[What is required]
Scan the records for lines with the string "transparency". Say how many there are, and add nothing.

[Stored dataset items]
····················

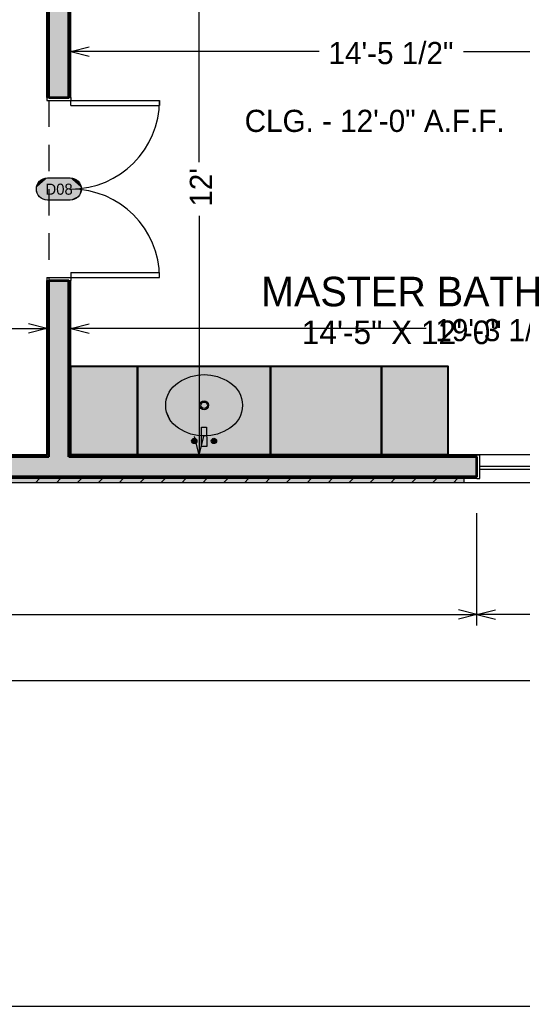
# Model space of a CAD drawing. Header units: inches. Extents: x 0.6 to 35.4, y -22.9 to 0.3.
# Drawn here: x 13.3 to 16.14, y -22.91 to -17.35 of the extents above; entities that cross this region are included whole.
import ezdxf

# ---------------------------------------------------------------- set-up
doc = ezdxf.new("R2010")
doc.units = ezdxf.units.IN
doc.header["$MEASUREMENT"] = 0
doc.linetypes.add('Dash', pattern=[0.225, 0.15, -0.075])
doc.layers.add('CAD_  Default', color=7, linetype='Continuous', lineweight=18, true_color=0x000000)
doc.layers.add('Layout Box Export Contents', color=7, linetype='Continuous', lineweight=0, true_color=0x000000)

# ---------------------------------------------------------------- blocks, each defined once
blk = doc.blocks.new('Oval (undermount) Sink')
at = {"layer": 'Layout Box Export Contents', "color": 252, "linetype": 'Continuous', "lineweight": 0, "true_color": 0x969696, "transparency": 33554687}
blk.add_lwpolyline([(0.72, 19.46), (0.68, 14.26), (-0.68, 14.26), (-0.72, 19.46)], close=True, dxfattribs=at)
blk.add_lwpolyline([(-6.93, 14.5, -0.30599), (6.93, 14.5, -0.558345), (6.93, 2.12, -0.305976), (-6.93, 2.12, -0.558345)], format="xyb", close=True, dxfattribs=at)
for centre, radius in [((-2.65, 17.97), 0.719), ((2.65, 17.97), 0.719), ((0, 8.31), 1.22), ((0, 8.31), 0.874)]:
    blk.add_circle(centre, radius, dxfattribs=at)
at = {"layer": 'Layout Box Export Contents', "color": 7, "linetype": 'Continuous', "lineweight": 0, "true_color": 0xffffff, "transparency": 33554687}
for points in [[(0.72, 19.46), (-0.68, 14.26), (0.72, 19.46), (-0.72, 19.46)], [(0.68, 14.26), (-0.68, 14.26), (0.68, 14.26), (0.72, 19.46)], [(-3.78, 16.03), (-3.39, 16.15), (-3.78, 16.03), (-3.56, 0.52)], [(-3.56, 0.52), (-3.39, 16.15), (-3.56, 0.52), (-3.16, 0.41)], [(-3.16, 0.41), (-3.39, 16.15), (-3.16, 0.41), (-2.99, 16.25)], [(-2.65, 18.69), (-3.33, 18.22), (-3.37, 17.97), (-3.36, 18.1)], [(-2.65, 18.69), (-3.37, 17.97), (-3.33, 17.73), (-3.36, 17.85)], [(-2.65, 18.69), (-3.2, 18.44), (-3.33, 18.22), (-3.28, 18.33)], [(-2.65, 18.69), (-3.33, 17.73), (-3.2, 17.51), (-3.28, 17.61)], [(-2.65, 18.69), (-3.01, 18.6), (-3.2, 18.44), (-3.12, 18.52)], [(-2.65, 18.69), (-3.2, 17.51), (-3.01, 17.35), (-3.12, 17.42)], [(-2.77, 0.31), (-3.16, 0.41), (-2.77, 0.31), (-2.99, 16.25)], [(-2.65, 18.69), (-2.78, 18.68), (-3.01, 18.6), (-2.9, 18.65)], [(-2.65, 18.69), (-3.01, 17.35), (-2.78, 17.26), (-2.9, 17.3)], [(-2.99, 16.25), (-2.59, 16.34), (-2.99, 16.25), (-2.77, 0.31)], [(-2.65, 18.69), (-2.78, 17.26), (-2.53, 17.26), (-2.65, 17.25)], [(-2.77, 0.31), (-2.59, 16.34), (-2.77, 0.31), (-2.37, 0.23)], [(-2.65, 18.69), (-2.53, 17.26), (-2.29, 17.35), (-2.41, 17.3)], [(-2.65, 18.69), (-2.29, 17.35), (-2.1, 17.51), (-2.19, 17.42)], [(-2.65, 18.69), (-2.1, 17.51), (-1.98, 17.73), (-2.03, 17.61)], [(-2.65, 18.69), (-1.98, 17.73), (-1.93, 17.97), (-1.94, 17.85)], [(-2.65, 18.69), (-1.93, 17.97), (-1.98, 18.22), (-1.94, 18.1)], [(-2.65, 18.69), (-1.98, 18.22), (-2.1, 18.44), (-2.03, 18.33)], [(-2.65, 18.69), (-2.1, 18.44), (-2.29, 18.6), (-2.19, 18.52)], [(-2.65, 18.69), (-2.29, 18.6), (-2.53, 18.68), (-2.41, 18.65)], [(-2.37, 0.23), (-2.59, 16.34), (-2.37, 0.23), (-2.19, 16.42)], [(-1.96, 0.16), (-2.37, 0.23), (-1.96, 0.16), (-2.19, 16.42)], [(-2.19, 16.42), (-1.79, 16.49), (-2.19, 16.42), (-1.96, 0.16)], [(-1.96, 0.16), (-1.79, 16.49), (-1.96, 0.16), (-1.56, 0.1)], [(-1.56, 0.1), (-1.79, 16.49), (-1.56, 0.1), (-1.38, 16.54)], [(-1.15, 0.05), (-1.56, 0.1), (-1.15, 0.05), (-1.38, 16.54)], [(-1.15, 0.05), (-1.38, 16.54), (-1.15, 0.05), (-0.98, 16.58)], [(-0.75, 0.02), (-1.15, 0.05), (-0.75, 0.02), (-0.98, 16.58)], [(-0.98, 16.58), (-0.57, 16.61), (-0.98, 16.58), (-0.75, 0.02)], [(-0.75, 0.02), (-0.57, 16.61), (-0.75, 0.02), (-0.34, 0)], [(-0.34, 0), (-0.57, 16.61), (-0.34, 0), (-0.16, 16.62)], [(-0.34, 0), (-0.16, 16.62), (-0.34, 0), (0.07, 0)], [(-0.16, 16.62), (0.25, 16.62), (-0.16, 16.62), (0.07, 0)], [(0.07, 0), (0.25, 16.62), (0.07, 0), (0.48, 0.01)], [(0.25, 16.62), (0.66, 16.6), (0.25, 16.62), (0.48, 0.01)], [(0.48, 0.01), (0.66, 16.6), (0.48, 0.01), (0.89, 0.03)], [(0.66, 16.6), (1.06, 16.57), (0.66, 16.6), (0.89, 0.03)], [(0.89, 0.03), (1.06, 16.57), (0.89, 0.03), (1.29, 0.07)], [(1.06, 16.57), (1.47, 16.53), (1.06, 16.57), (1.29, 0.07)], [(1.29, 0.07), (1.47, 16.53), (1.29, 0.07), (1.7, 0.12)], [(1.47, 16.53), (1.88, 16.48), (1.47, 16.53), (1.7, 0.12)], [(1.7, 0.12), (1.88, 16.48), (1.7, 0.12), (2.1, 0.18)], [(1.88, 16.48), (2.28, 16.41), (1.88, 16.48), (2.1, 0.18)], [(2.65, 18.69), (1.98, 18.22), (1.93, 17.97), (1.94, 18.1)], [(2.65, 18.69), (1.93, 17.97), (1.98, 17.73), (1.94, 17.85)], [(2.65, 18.69), (2.1, 18.44), (1.98, 18.22), (2.03, 18.33)], [(2.65, 18.69), (1.98, 17.73), (2.1, 17.51), (2.03, 17.61)], [(2.65, 18.69), (2.29, 18.6), (2.1, 18.44), (2.19, 18.52)], [(2.65, 18.69), (2.1, 17.51), (2.29, 17.35), (2.19, 17.42)], [(2.1, 0.18), (2.28, 16.41), (2.1, 0.18), (2.51, 0.26)], [(2.28, 16.41), (2.68, 16.33), (2.28, 16.41), (2.51, 0.26)], [(2.65, 18.69), (2.53, 18.68), (2.29, 18.6), (2.41, 18.65)], [(2.65, 18.69), (2.29, 17.35), (2.53, 17.26), (2.41, 17.3)], [(2.51, 0.26), (2.68, 16.33), (2.51, 0.26), (2.9, 0.35)], [(2.65, 18.69), (2.53, 17.26), (2.78, 17.26), (2.65, 17.25)], [(2.65, 18.69), (2.78, 17.26), (3.01, 17.35), (2.9, 17.3)], [(2.65, 18.69), (3.01, 17.35), (3.2, 17.51), (3.11, 17.42)], [(2.65, 18.69), (3.2, 17.51), (3.33, 17.73), (3.28, 17.61)], [(2.65, 18.69), (3.33, 17.73), (3.37, 17.97), (3.36, 17.85)], [(2.65, 18.69), (3.37, 17.97), (3.33, 18.22), (3.36, 18.1)], [(2.65, 18.69), (3.33, 18.22), (3.2, 18.44), (3.28, 18.33)], [(2.65, 18.69), (3.2, 18.44), (3.01, 18.6), (3.11, 18.52)], [(2.65, 18.69), (3.01, 18.6), (2.78, 18.68), (2.9, 18.65)], [(2.68, 16.33), (3.08, 16.23), (2.68, 16.33), (2.9, 0.35)], [(2.9, 0.35), (3.08, 16.23), (2.9, 0.35), (3.3, 0.45)], [(3.08, 16.23), (3.47, 16.12), (3.08, 16.23), (3.3, 0.45)], [(3.3, 0.45), (3.47, 16.12), (3.3, 0.45), (3.69, 0.56)], [(3.47, 16.12), (3.86, 16), (3.47, 16.12), (3.69, 0.56)], [(-10.39, 8.26), (-6.93, 14.5), (-10.39, 8.26), (-6.93, 2.12)], [(-6.93, 14.5), (-10.39, 8.26), (-6.93, 14.5), (-8.28, 13.42)], [(-10.39, 8.26), (-9.29, 12.14), (-10.39, 8.26), (-8.28, 13.42)], [(-9.29, 12.14), (-8.56, 13.13), (-9.29, 12.14), (-8.28, 13.42)], [(-6.93, 14.5), (-8.28, 13.42), (-6.93, 14.5), (-7.68, 13.97)], [(-8.28, 13.42), (-7.99, 13.71), (-8.28, 13.42), (-7.68, 13.97)], [(-7.68, 13.97), (-7.35, 14.22), (-7.68, 13.97), (-6.93, 14.5)], [(-6.93, 2.12), (-6.93, 14.5), (-6.93, 2.12), (-6.72, 14.63)], [(-6.53, 1.86), (-6.93, 2.12), (-6.53, 1.86), (-6.72, 14.63)], [(-6.53, 1.86), (-6.72, 14.63), (-6.53, 1.86), (-6.38, 14.85)], [(-6.18, 1.65), (-6.53, 1.86), (-6.18, 1.65), (-6.38, 14.85)], [(-6.18, 1.65), (-6.38, 14.85), (-6.18, 1.65), (-6.02, 15.06)], [(-5.82, 1.45), (-6.18, 1.65), (-5.82, 1.45), (-6.02, 15.06)], [(-5.82, 1.45), (-6.02, 15.06), (-5.82, 1.45), (-5.66, 15.25)], [(-5.46, 1.27), (-5.82, 1.45), (-5.46, 1.27), (-5.66, 15.25)], [(-5.46, 1.27), (-5.66, 15.25), (-5.46, 1.27), (-5.3, 15.43)], [(-5.09, 1.09), (-5.46, 1.27), (-5.09, 1.09), (-5.3, 15.43)], [(-5.3, 15.43), (-4.93, 15.6), (-5.3, 15.43), (-5.09, 1.09)], [(-5.09, 1.09), (-4.93, 15.6), (-5.09, 1.09), (-4.71, 0.93)], [(-4.71, 0.93), (-4.93, 15.6), (-4.71, 0.93), (-4.55, 15.75)], [(-4.33, 0.78), (-4.71, 0.93), (-4.33, 0.78), (-4.55, 15.75)], [(-4.33, 0.78), (-4.55, 15.75), (-4.33, 0.78), (-4.16, 15.9)], [(-3.95, 0.65), (-4.33, 0.78), (-3.95, 0.65), (-4.16, 15.9)], [(-4.16, 15.9), (-3.78, 16.03), (-4.16, 15.9), (-3.95, 0.65)], [(-3.95, 0.65), (-3.78, 16.03), (-3.95, 0.65), (-3.56, 0.52)], [(3.69, 0.56), (3.86, 16), (3.69, 0.56), (4.08, 0.69)], [(3.86, 16), (4.25, 15.87), (3.86, 16), (4.08, 0.69)], [(4.08, 0.69), (4.25, 15.87), (4.08, 0.69), (4.46, 0.83)], [(4.25, 15.87), (4.63, 15.72), (4.25, 15.87), (4.46, 0.83)], [(4.46, 0.83), (4.63, 15.72), (4.46, 0.83), (4.84, 0.99)], [(4.63, 15.72), (5.01, 15.56), (4.63, 15.72), (4.84, 0.99)], [(4.84, 0.99), (5.01, 15.56), (4.84, 0.99), (5.22, 1.15)], [(5.01, 15.56), (5.38, 15.39), (5.01, 15.56), (5.22, 1.15)], [(5.22, 1.15), (5.38, 15.39), (5.22, 1.15), (5.58, 1.33)], [(5.38, 15.39), (5.74, 15.21), (5.38, 15.39), (5.58, 1.33)], [(5.58, 1.33), (5.74, 15.21), (5.58, 1.33), (5.95, 1.52)], [(5.74, 15.21), (6.1, 15.01), (5.74, 15.21), (5.95, 1.52)], [(5.95, 1.52), (6.1, 15.01), (5.95, 1.52), (6.3, 1.72)], [(6.1, 15.01), (6.45, 14.81), (6.1, 15.01), (6.3, 1.72)], [(6.3, 1.72), (6.45, 14.81), (6.3, 1.72), (6.65, 1.94)], [(6.45, 14.81), (6.93, 14.5), (6.45, 14.81), (6.65, 1.94)], [(6.65, 1.94), (6.93, 14.5), (6.65, 1.94), (6.93, 2.12)], [(6.93, 2.12), (6.93, 14.5), (6.93, 2.12), (7.31, 2.37)], [(6.97, 14.47), (7.31, 14.25), (6.97, 14.47), (6.93, 14.5)], [(7.31, 2.37), (6.93, 14.5), (7.31, 2.37), (7.95, 13.74)], [(7.31, 14.25), (7.95, 13.74), (7.31, 14.25), (6.93, 14.5)], [(7.64, 14), (7.95, 13.74), (7.64, 14), (7.31, 14.25)], [(10.38, 7.9), (7.31, 2.37), (10.38, 7.9), (7.95, 13.74)], [(8.25, 13.46), (8.53, 13.16), (8.25, 13.46), (7.95, 13.74)], [(7.95, 13.74), (8.53, 13.16), (7.95, 13.74), (10.38, 7.9)], [(-10.29, 9.48), (-9.29, 12.14), (-10.29, 9.48), (-10.39, 8.26)], [(-10.29, 9.48), (-9.69, 11.43), (-10.29, 9.48), (-9.29, 12.14)], [(-10.21, 9.88), (-9.69, 11.43), (-10.21, 9.88), (-10.29, 9.48)], [(-10.21, 9.88), (-10.12, 10.28), (-10.21, 9.88), (-9.69, 11.43)], [(-10.12, 10.28), (-9.85, 11.05), (-10.12, 10.28), (-9.69, 11.43)], [(-9.99, 10.67), (-9.85, 11.05), (-9.99, 10.67), (-10.12, 10.28)], [(-9.69, 11.43), (-9.5, 11.79), (-9.69, 11.43), (-9.29, 12.14)], [(-9.07, 12.48), (-8.56, 13.13), (-9.07, 12.48), (-9.29, 12.14)], [(-8.83, 12.81), (-8.56, 13.13), (-8.83, 12.81), (-9.07, 12.48)], [(8.53, 13.16), (8.79, 12.85), (8.53, 13.16), (10.38, 7.9)], [(9.04, 12.52), (10.28, 9.53), (9.04, 12.52), (8.79, 12.85)], [(8.79, 12.85), (10.28, 9.53), (8.79, 12.85), (10.38, 7.9)], [(9.04, 12.52), (9.27, 12.18), (9.04, 12.52), (10.28, 9.53)], [(9.48, 11.83), (10.28, 9.53), (9.48, 11.83), (9.27, 12.18)], [(9.48, 11.83), (9.66, 11.47), (9.48, 11.83), (9.83, 11.1)], [(9.83, 11.1), (9.98, 10.72), (9.83, 11.1), (9.48, 11.83)], [(9.48, 11.83), (9.98, 10.72), (9.48, 11.83), (10.28, 9.53)], [(10.1, 10.33), (10.28, 9.53), (10.1, 10.33), (9.98, 10.72)], [(-10.39, 8.26), (-10.38, 8.67), (-10.39, 8.26), (-10.29, 9.48)], [(-6.93, 2.12), (-9.24, 4.39), (-6.93, 2.12), (-10.39, 8.26)], [(-9.96, 5.86), (-10.19, 6.64), (-9.96, 5.86), (-10.39, 8.26)], [(-10.37, 7.85), (-10.39, 8.26), (-10.37, 7.85), (-10.28, 7.04)], [(-10.28, 7.04), (-10.39, 8.26), (-10.28, 7.04), (-10.19, 6.64)], [(-9.24, 4.39), (-9.96, 5.86), (-9.24, 4.39), (-10.39, 8.26)], [(-10.35, 9.08), (-10.29, 9.48), (-10.35, 9.08), (-10.38, 8.67)], [(10.1, 10.33), (10.2, 9.93), (10.1, 10.33), (10.28, 9.53)], [(10.28, 9.53), (10.34, 9.13), (10.28, 9.53), (10.38, 8.72)], [(10.38, 7.9), (10.28, 9.53), (10.38, 7.9), (10.38, 8.72)], [(10.38, 8.72), (10.39, 8.31), (10.38, 8.72), (10.38, 7.9)], [(-10.34, 7.44), (-10.37, 7.85), (-10.34, 7.44), (-10.28, 7.04)], [(-9.96, 5.86), (-10.09, 6.25), (-9.96, 5.86), (-10.19, 6.64)], [(-9.64, 5.1), (-9.96, 5.86), (-9.64, 5.1), (-9.24, 4.39)], [(-9.64, 5.1), (-9.81, 5.48), (-9.64, 5.1), (-9.96, 5.86)], [(10.38, 7.9), (10.34, 7.49), (10.38, 7.9), (7.31, 2.37)], [(9.04, 4.09), (7.31, 2.37), (9.04, 4.09), (10.34, 7.49)], [(10.34, 7.49), (9.27, 4.43), (10.34, 7.49), (9.04, 4.09)], [(10.28, 7.09), (9.27, 4.43), (10.28, 7.09), (10.34, 7.49)], [(9.83, 5.52), (9.27, 4.43), (9.83, 5.52), (10.28, 7.09)], [(9.66, 5.15), (9.27, 4.43), (9.66, 5.15), (9.83, 5.52)], [(10.1, 6.29), (9.83, 5.52), (10.1, 6.29), (10.28, 7.09)], [(10.1, 6.29), (9.98, 5.9), (10.1, 6.29), (9.83, 5.52)], [(10.2, 6.69), (10.1, 6.29), (10.2, 6.69), (10.28, 7.09)], [(-9.24, 4.39), (-9.45, 4.74), (-9.24, 4.39), (-9.64, 5.1)], [(-6.93, 2.12), (-9.01, 4.05), (-6.93, 2.12), (-9.24, 4.39)], [(-8.76, 3.73), (-9.01, 4.05), (-8.76, 3.73), (-8.5, 3.42)], [(-8.5, 3.42), (-9.01, 4.05), (-8.5, 3.42), (-6.93, 2.12)], [(-7.91, 2.85), (-8.21, 3.13), (-7.91, 2.85), (-8.5, 3.42)], [(-7.6, 2.59), (-8.5, 3.42), (-7.6, 2.59), (-6.93, 2.12)], [(-7.91, 2.85), (-8.5, 3.42), (-7.91, 2.85), (-7.6, 2.59)], [(8.53, 3.46), (7.31, 2.37), (8.53, 3.46), (9.04, 4.09)], [(8.53, 3.46), (8.25, 3.16), (8.53, 3.46), (7.31, 2.37)], [(8.25, 3.16), (7.64, 2.62), (8.25, 3.16), (7.31, 2.37)], [(7.95, 2.88), (7.64, 2.62), (7.95, 2.88), (8.25, 3.16)], [(9.04, 4.09), (8.79, 3.77), (9.04, 4.09), (8.53, 3.46)], [(9.48, 4.79), (9.27, 4.43), (9.48, 4.79), (9.66, 5.15)], [(-7.27, 2.34), (-7.6, 2.59), (-7.27, 2.34), (-6.93, 2.12)]]:
    blk.add_solid(points, dxfattribs=at)

msp = doc.modelspace()

# ---------------------------------------------------------------- linework, layer by layer
at = {"layer": 'CAD_  Default', "transparency": 33554687}
msp.add_line((0.6251, -22.9133), (35.385, -22.9133), dxfattribs=at)
at = {"layer": 'Layout Box Export Contents', "color": 18, "linetype": 'Continuous', "lineweight": 0, "true_color": 0x000000, "transparency": 33554687}
for p, q in [((13.4562, -17.7862), (13.4562, -15.0518)), ((13.5917, -17.7862), (13.5917, -16.8018)), ((13.4562, -17.7862), (13.5917, -17.7862)), ((13.4562, -19.8018), (13.4562, -18.8174)), ((13.4562, -18.8174), (13.5917, -18.8174)), ((13.5917, -19.8018), (13.5917, -18.8174)), ((13.4562, -19.8018), (8.6333, -19.8018)), ((15.8818, -19.8018), (13.5917, -19.8018)), ((15.8818, -19.9359), (15.8818, -19.8018)), ((15.8089, -19.9596), (8.4756, -19.9596)), ((15.8089, -19.9361), (8.499, -19.9361)), ((15.8818, -19.9359), (8.4992, -19.9359)), ((15.8089, -19.9596), (15.8089, -19.9359))]:
    msp.add_line(p, q, dxfattribs=at)
at = {"layer": 'Layout Box Export Contents', "color": 18, "linetype": 'Continuous', "lineweight": 35, "true_color": 0x000000, "transparency": 33554687}
for p, q in [((13.4667, -17.7862), (13.4667, -15.0414)), ((13.5812, -17.7862), (13.5812, -16.7914)), ((13.4667, -17.7862), (13.5812, -17.7862)), ((13.4667, -19.8122), (13.4667, -18.8174)), ((13.4667, -18.8174), (13.5812, -18.8174)), ((13.5812, -19.8122), (13.5812, -18.8174)), ((13.4667, -19.8122), (8.6229, -19.8122)), ((15.8818, -19.8122), (13.5812, -19.8122)), ((15.8818, -19.9268), (15.8818, -19.8122)), ((15.8818, -19.9268), (8.6229, -19.9268))]:
    msp.add_line(p, q, dxfattribs=at)
at = {"layer": 'Layout Box Export Contents', "color": 176, "linetype": 'Continuous', "lineweight": 18, "true_color": 0x000080, "transparency": 33554687}
for p, q in [((14.3156, -18.1503), (14.3156, -16.8018)), ((13.5917, -17.5258), (13.6958, -17.4997)), ((13.5917, -17.5258), (13.6958, -17.5518)), ((14.9927, -17.5258), (13.5917, -17.5258)), ((15.8056, -17.5258), (17.2067, -17.5258)), ((14.3156, -18.4533), (14.3156, -19.8018)), ((11.4512, -19.089), (13.4562, -19.089)), ((13.4562, -19.089), (13.3521, -19.063)), ((13.4562, -19.089), (13.3521, -19.1151)), ((13.5917, -19.089), (13.6958, -19.063)), ((13.5917, -19.089), (13.6958, -19.1151)), ((15.5951, -19.089), (13.5917, -19.089)), ((14.3156, -19.8018), (14.2896, -19.6976)), ((14.3156, -19.8018), (14.3417, -19.6976)), ((15.8818, -20.7648), (15.8818, -20.1307)), ((12.5945, -20.7023), (15.8818, -20.7023)), ((15.8818, -20.7023), (15.7776, -20.6763)), ((15.8818, -20.7023), (15.7776, -20.7283)), ((15.8818, -20.7023), (15.986, -20.6763)), ((15.8818, -20.7023), (15.986, -20.7283)), ((16.2697, -20.7023), (15.8818, -20.7023)), ((18.9567, -21.0773), (8.4756, -21.0773))]:
    msp.add_line(p, q, dxfattribs=at)
at = {"layer": 'Layout Box Export Contents', "color": 251, "linetype": 'Continuous', "lineweight": 18, "true_color": 0x4b4b4b, "transparency": 33554687}
for p, q in [((13.4562, -17.7862), (13.4562, -17.8018)), ((13.4562, -17.7862), (13.5917, -17.7862)), ((13.4562, -17.8018), (13.5917, -17.8018)), ((13.5917, -17.7862), (13.5917, -17.8018)), ((13.5917, -17.8018), (14.0917, -17.8018)), ((13.5917, -17.8305), (13.5917, -17.8018)), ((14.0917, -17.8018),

····················

[Answer for this exercise]
7